A bay horse is a black based horse with the agouti gene present. It can be red bay (no lighter muzzle and flank) or brown (lighter muzzle and flank) which is still bay just a different variation. Pangere is a totally different gene and you can have a bay with pangere is my understanding but that is a bay with pangere not a brown. Let's see if this pic will copy it is from wikipedia and shows the underside of a bay with pangere.


----------



## LuvMyPerlinoQH (Jun 21, 2011)

QtrBel said:


> A bay horse is a black based horse with the agouti gene present. It can be red bay (no lighter muzzle and flank) or brown (lighter muzzle and flank) which is still bay just a different variation.

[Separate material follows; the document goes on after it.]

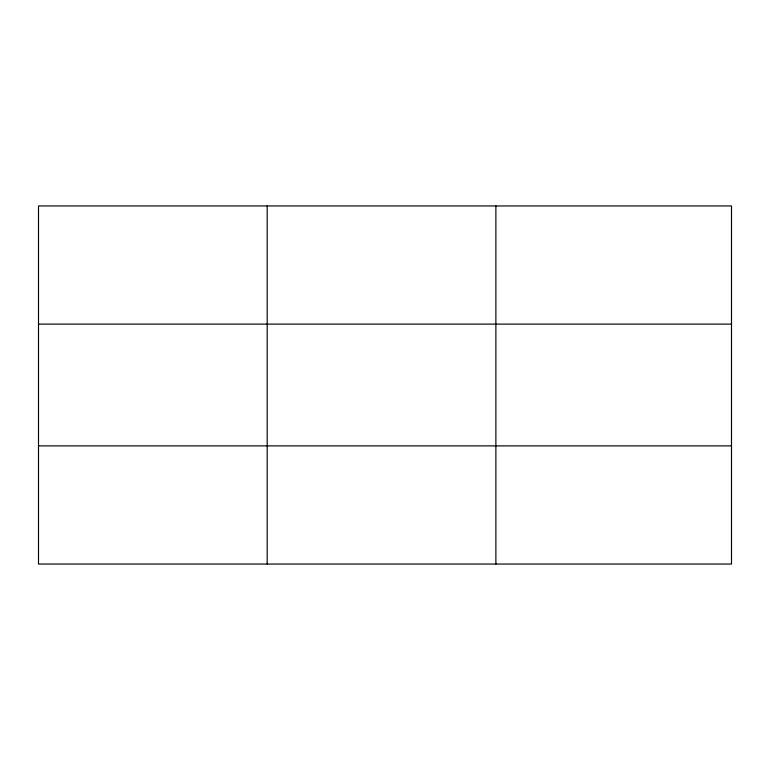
<?xml version="1.0" encoding="UTF-8"?>
<svg xmlns="http://www.w3.org/2000/svg" width="770" height="770" viewBox="0 0 770 770"><rect width="100%" height="100%" fill="white"/><g stroke="black" fill="none" stroke-linecap="round" stroke-linejoin="round"><path stroke-width="1.16" d="M267.19 564.044L267.19 205.956M495.88 564.044L495.88 205.956M38.5 324.122L731.5 324.122M38.5 445.878L731.5 445.878M731.5 544.351L731.5 564.044L38.5 564.044L38.5 205.956L731.5 205.956L731.5 544.351"/></g></svg>

Pangere is a totally different gene and you can have a bay with pangere is my understanding but that is a bay with pangere not a brown. Let's see if this pic will copy it is from wikipedia and shows the underside of a bay with pangere.


 
But with the advances in the testing with PetDNA are we sure that standard pangere bay isn't really just another brown that has yet to be test verified?


----------



## DraftyAiresMum (Jun 1, 2011)

Pangere and brown look completely different. 

Pangere expresses as very light tan, almost beige, coloring on the soft points of a horse (like the one QrtrBel posted). It is visible regardless of season.

Brown expresses as a more cinnamon/orange color and is often seasonal. My friend has an Arab gelding who is brown. He looks a deep, mahogany bay color in summer (almost maroon) with a slightly orange muzzle. In winter, he is often almost black with very visible orange soft points.

Pangere is a completely different gene than agouti (of which bay and brown are versions, along with wild bay). We know this because pangere often expresses on red-based horses, whereas bay cannot express on a red-based horse, as bay restricts black (and since black is dominant, red-based horses have no black to restrict).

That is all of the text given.